▶ **Your instructions**: For the records that follow, say how many lines have the word "CIRCLE" in them. Write the number and nothing more.
(Beginning of Dataset records)
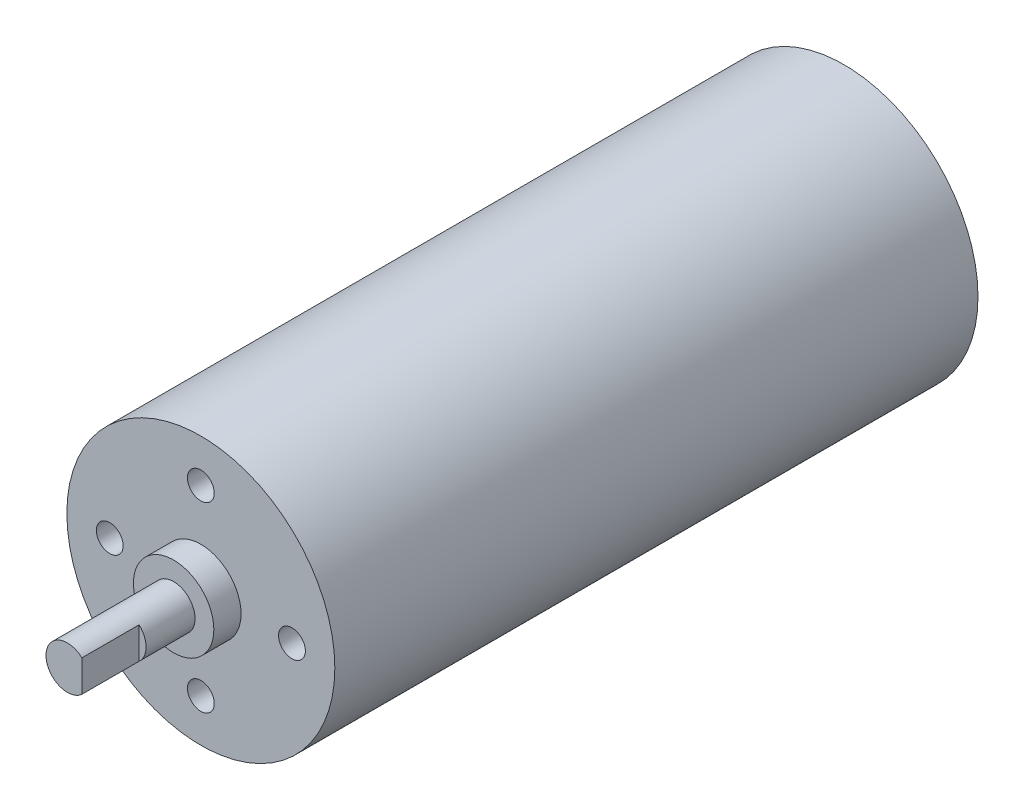
ISO-10303-21;
HEADER;
FILE_DESCRIPTION(('STEP AP214'),'2;1');
FILE_NAME('part.step','',(''),(''),'','','');
FILE_SCHEMA(('AUTOMOTIVE_DESIGN { 1 0 10303 214 1 1 1 1 }'));
ENDSEC;
DATA;
#1=APPLICATION_CONTEXT('core data for automotive mechanical design processes');
#2=APPLICATION_PROTOCOL_DEFINITION('international standard','automotive_design',2000,#1);
#3=PRODUCT_CONTEXT('',#1,'mechanical');
#4=PRODUCT('Part','Part','',(#3));
#5=PRODUCT_RELATED_PRODUCT_CATEGORY('part','',(#4));
#6=PRODUCT_DEFINITION_FORMATION('','',#4);
#7=PRODUCT_DEFINITION_CONTEXT('part definition',#1,'design');
#8=PRODUCT_DEFINITION('design','',#6,#7);
#9=PRODUCT_DEFINITION_SHAPE('','',#8);
#10=(LENGTH_UNIT() NAMED_UNIT(*) SI_UNIT(.MILLI.,.METRE.));
#11=(NAMED_UNIT(*) PLANE_ANGLE_UNIT() SI_UNIT($,.RADIAN.));
#12=(NAMED_UNIT(*) SI_UNIT($,.STERADIAN.) SOLID_ANGLE_UNIT());
#13=UNCERTAINTY_MEASURE_WITH_UNIT(LENGTH_MEASURE(1.E-05),#10,'distance_accuracy_value','');
#14=(GEOMETRIC_REPRESENTATION_CONTEXT(3) GLOBAL_UNCERTAINTY_ASSIGNED_CONTEXT((#13)) GLOBAL_UNIT_ASSIGNED_CONTEXT((#10,
#11,#12)) REPRESENTATION_CONTEXT('',''));
#15=CARTESIAN_POINT('',(0.,0.,0.));
#16=DIRECTION('',(0.,0.,1.));
#17=DIRECTION('',(1.,0.,0.));
#18=AXIS2_PLACEMENT_3D('',#15,#16,#17);
#19=CARTESIAN_POINT('',(0.,0.,-60.));
#20=DIRECTION('',(0.,0.,1.));
#21=DIRECTION('',(1.,0.,0.));
#22=AXIS2_PLACEMENT_3D('',#19,#20,#21);
#23=CYLINDRICAL_SURFACE('',#22,12.5);
#24=CARTESIAN_POINT('',(0.,0.,-60.));
#25=DIRECTION('',(0.,0.,1.));
#26=DIRECTION('',(1.,0.,0.));
#27=AXIS2_PLACEMENT_3D('',#24,#25,#26);
#28=CIRCLE('',#27,12.5);
#29=CARTESIAN_POINT('',(12.5,0.,-60.));
#30=VERTEX_POINT('',#29);
#31=EDGE_CURVE('E11',#30,#30,#28,.T.);
#32=CARTESIAN_POINT('',(0.,0.,0.));
#33=DIRECTION('',(0.,0.,1.));
#34=DIRECTION('',(1.,0.,0.));
#35=AXIS2_PLACEMENT_3D('',#32,#33,#34);
#36=CIRCLE('',#35,12.5);
#37=CARTESIAN_POINT('',(12.5,0.,0.));
#38=VERTEX_POINT('',#37);
#39=EDGE_CURVE('E43',#38,#38,#36,.T.);
#40=CARTESIAN_POINT('',(12.5,0.,-60.));
#41=CARTESIAN_POINT('',(12.5,0.,-59.375));
#42=CARTESIAN_POINT('',(12.5,0.,-58.75));
#43=CARTESIAN_POINT('',(12.5,0.,-57.5));
#44=CARTESIAN_POINT('',(12.5,0.,-56.875));
#45=CARTESIAN_POINT('',(12.5,0.,-55.625));
#46=CARTESIAN_POINT('',(12.5,0.,-55.));
#47=CARTESIAN_POINT('',(12.5,0.,-53.75));
#48=CARTESIAN_POINT('',(12.5,0.,-53.125));
#49=CARTESIAN_POINT('',(12.5,0.,-51.875));
#50=CARTESIAN_POINT('',(12.5,0.,-51.25));
#51=CARTESIAN_POINT('',(12.5,0.,-50.));
#52=CARTESIAN_POINT('',(12.5,0.,-49.375));
#53=CARTESIAN_POINT('',(12.5,0.,-48.125));
#54=CARTESIAN_POINT('',(12.5,0.,-47.5));
#55=CARTESIAN_POINT('',(12.5,0.,-46.25));
#56=CARTESIAN_POINT('',(12.5,0.,-45.625));
#57=CARTESIAN_POINT('',(12.5,0.,-44.375));
#58=CARTESIAN_POINT('',(12.5,0.,-43.75));
#59=CARTESIAN_POINT('',(12.5,0.,-42.5));
#60=CARTESIAN_POINT('',(12.5,0.,-41.875));
#61=CARTESIAN_POINT('',(12.5,0.,-40.625));
#62=CARTESIAN_POINT('',(12.5,0.,-40.));
#63=CARTESIAN_POINT('',(12.5,0.,-38.75));
#64=CARTESIAN_POINT('',(12.5,0.,-38.125));
#65=CARTESIAN_POINT('',(12.5,0.,-36.875));
#66=CARTESIAN_POINT('',(12.5,0.,-36.25));
#67=CARTESIAN_POINT('',(12.5,0.,-35.));
#68=CARTESIAN_POINT('',(12.5,0.,-34.375));
#69=CARTESIAN_POINT('',(12.5,0.,-33.125));
#70=CARTESIAN_POINT('',(12.5,0.,-32.5));
#71=CARTESIAN_POINT('',(12.5,0.,-31.25));
#72=CARTESIAN_POINT('',(12.5,0.,-30.625));
#73=CARTESIAN_POINT('',(12.5,0.,-29.375));
#74=CARTESIAN_POINT('',(12.5,0.,-28.75));
#75=CARTESIAN_POINT('',(12.5,0.,-27.5));
#76=CARTESIAN_POINT('',(12.5,0.,-26.875));
#77=CARTESIAN_POINT('',(12.5,0.,-25.625));
#78=CARTESIAN_POINT('',(12.5,0.,-25.));
#79=CARTESIAN_POINT('',(12.5,0.,-23.75));
#80=CARTESIAN_POINT('',(12.5,0.,-23.125));
#81=CARTESIAN_POINT('',(12.5,0.,-21.875));
#82=CARTESIAN_POINT('',(12.5,0.,-21.25));
#83=CARTESIAN_POINT('',(12.5,0.,-20.));
#84=CARTESIAN_POINT('',(12.5,0.,-19.375));
#85=CARTESIAN_POINT('',(12.5,0.,-18.125));
#86=CARTESIAN_POINT('',(12.5,0.,-17.5));
#87=CARTESIAN_POINT('',(12.5,0.,-16.25));
#88=CARTESIAN_POINT('',(12.5,0.,-15.625));
#89=CARTESIAN_POINT('',(12.5,0.,-14.375));
#90=CARTESIAN_POINT('',(12.5,0.,-13.75));
#91=CARTESIAN_POINT('',(12.5,0.,-12.5));
#92=CARTESIAN_POINT('',(12.5,0.,-11.875));
#93=CARTESIAN_POINT('',(12.5,0.,-10.625));
#94=CARTESIAN_POINT('',(12.5,0.,-10.));
#95=CARTESIAN_POINT('',(12.5,0.,-8.75));
#96=CARTESIAN_POINT('',(12.5,0.,-8.125));
#97=CARTESIAN_POINT('',(12.5,0.,-6.875));
#98=CARTESIAN_POINT('',(12.5,0.,-6.25));
#99=CARTESIAN_POINT('',(12.5,0.,-5.));
#100=CARTESIAN_POINT('',(12.5,0.,-4.375));
#101=CARTESIAN_POINT('',(12.5,0.,-3.125));
#102=CARTESIAN_POINT('',(12.5,0.,-2.5));
#103=CARTESIAN_POINT('',(12.5,0.,-1.25));
#104=CARTESIAN_POINT('',(12.5,0.,-0.625000000000001));
#105=CARTESIAN_POINT('',(12.5,0.,0.));
#106=B_SPLINE_CURVE_WITH_KNOTS('',3,(#40,#41,#42,#43,#44,#45,#46,#47,#48,#49,#50,#51,#52,#53,
#54,#55,#56,#57,#58,#59,#60,#61,#62,#63,#64,#65,#66,#67,#68,#69,#70,#71,#72,#73,#74,#75,#76,#77,
#78,#79,#80,#81,#82,#83,#84,#85,#86,#87,#88,#89,#90,#91,#92,#93,#94,#95,#96,#97,#98,#99,#100,
#101,#102,#103,#104,#105),.UNSPECIFIED.,.F.,.F.,(4,2,2,2,2,2,2,2,2,2,2,2,2,2,2,2,2,2,2,2,2,2,2,
2,2,2,2,2,2,2,2,2,4),(0.,1.875,3.75,5.62500000000001,7.50000000000001,9.37500000000001,11.25,
13.125,15.,16.875,18.75,20.625,22.5,24.375,26.25,28.125,30.,31.875,33.75,35.625,37.5,39.375,
41.25,43.125,45.,46.875,48.75,50.625,52.5,54.375,56.25,58.125,60.),.UNSPECIFIED.);
#107=EDGE_CURVE('BSEAM35',#30,#38,#106,.T.);
#108=ORIENTED_EDGE('',*,*,#31,.T.);
#109=ORIENTED_EDGE('',*,*,#39,.F.);
#110=ORIENTED_EDGE('',*,*,#107,.T.);
#111=ORIENTED_EDGE('',*,*,#107,.F.);
#112=EDGE_LOOP('',(#108,#110,#109,#111));
#113=FACE_BOUND('',#112,.T.);
#114=ADVANCED_FACE('F35',(#113),#23,.T.);
#115=CARTESIAN_POINT('',(0.,0.,-60.));
#116=DIRECTION('',(0.,0.,1.));
#117=DIRECTION('',(1.,0.,0.));
#118=AXIS2_PLACEMENT_3D('',#115,#116,#117);
#119=PLANE('',#118);
#120=ORIENTED_EDGE('',*,*,#31,.F.);
#121=EDGE_LOOP('',(#120));
#122=FACE_BOUND('',#121,.T.);
#123=ADVANCED_FACE('F134',(#122),#119,.F.);
#124=CARTESIAN_POINT('',(0.,0.,0.));
#125=DIRECTION('',(0.,0.,1.));
#126=DIRECTION('',(1.,0.,0.));
#127=AXIS2_PLACEMENT_3D('',#124,#125,#126);
#128=PLANE('',#127);
#129=CARTESIAN_POINT('',(0.,8.5,0.));
#130=DIRECTION('',(0.,0.,1.));
#131=DIRECTION('',(1.,0.,0.));
#132=AXIS2_PLACEMENT_3D('',#129,#130,#131);
#133=CIRCLE('',#132,1.24999999999999);
#134=CARTESIAN_POINT('',(1.24999999999999,8.5,0.));
#135=VERTEX_POINT('',#134);
#136=EDGE_CURVE('E90',#135,#135,#133,.T.);
#137=ORIENTED_EDGE('',*,*,#136,.F.);
#138=EDGE_LOOP('',(#137));
#139=FACE_BOUND('',#138,.T.);
#140=CARTESIAN_POINT('',(8.5,0.,0.));
#141=DIRECTION('',(0.,0.,1.));
#142=DIRECTION('',(1.,0.,0.));
#143=AXIS2_PLACEMENT_3D('',#140,#141,#142);
#144=CIRCLE('',#143,1.24999999999999);
#145=CARTESIAN_POINT('',(9.74999999999999,0.,0.));
#146=VERTEX_POINT('',#145);
#147=EDGE_CURVE('E89',#146,#146,#144,.T.);
#148=ORIENTED_EDGE('',*,*,#147,.F.);
#149=EDGE_LOOP('',(#148));
#150=FACE_BOUND('',#149,.T.);
#151=CARTESIAN_POINT('',(0.,-8.5,0.));
#152=DIRECTION('',(0.,0.,1.));
#153=DIRECTION('',(1.,0.,0.));
#154=AXIS2_PLACEMENT_3D('',#151,#152,#153);
#155=CIRCLE('',#154,1.24999999999999);
#156=CARTESIAN_POINT('',(1.24999999999999,-8.5,0.));
#157=VERTEX_POINT('',#156);
#158=EDGE_CURVE('E100',#157,#157,#155,.T.);
#159=ORIENTED_EDGE('',*,*,#158,.F.);
#160=EDGE_LOOP('',(#159));
#161=FACE_BOUND('',#160,.T.);
#162=CARTESIAN_POINT('',(-8.5,0.,0.));
#163=DIRECTION('',(0.,0.,1.));
#164=DIRECTION('',(1.,0.,0.));
#165=AXIS2_PLACEMENT_3D('',#162,#163,#164);
#166=CIRCLE('',#165,1.24999999999999);
#167=CARTESIAN_POINT('',(-7.25000000000001,0.,0.));
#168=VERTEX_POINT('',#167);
(End of Dataset records)
▶ **Result of the task**: 6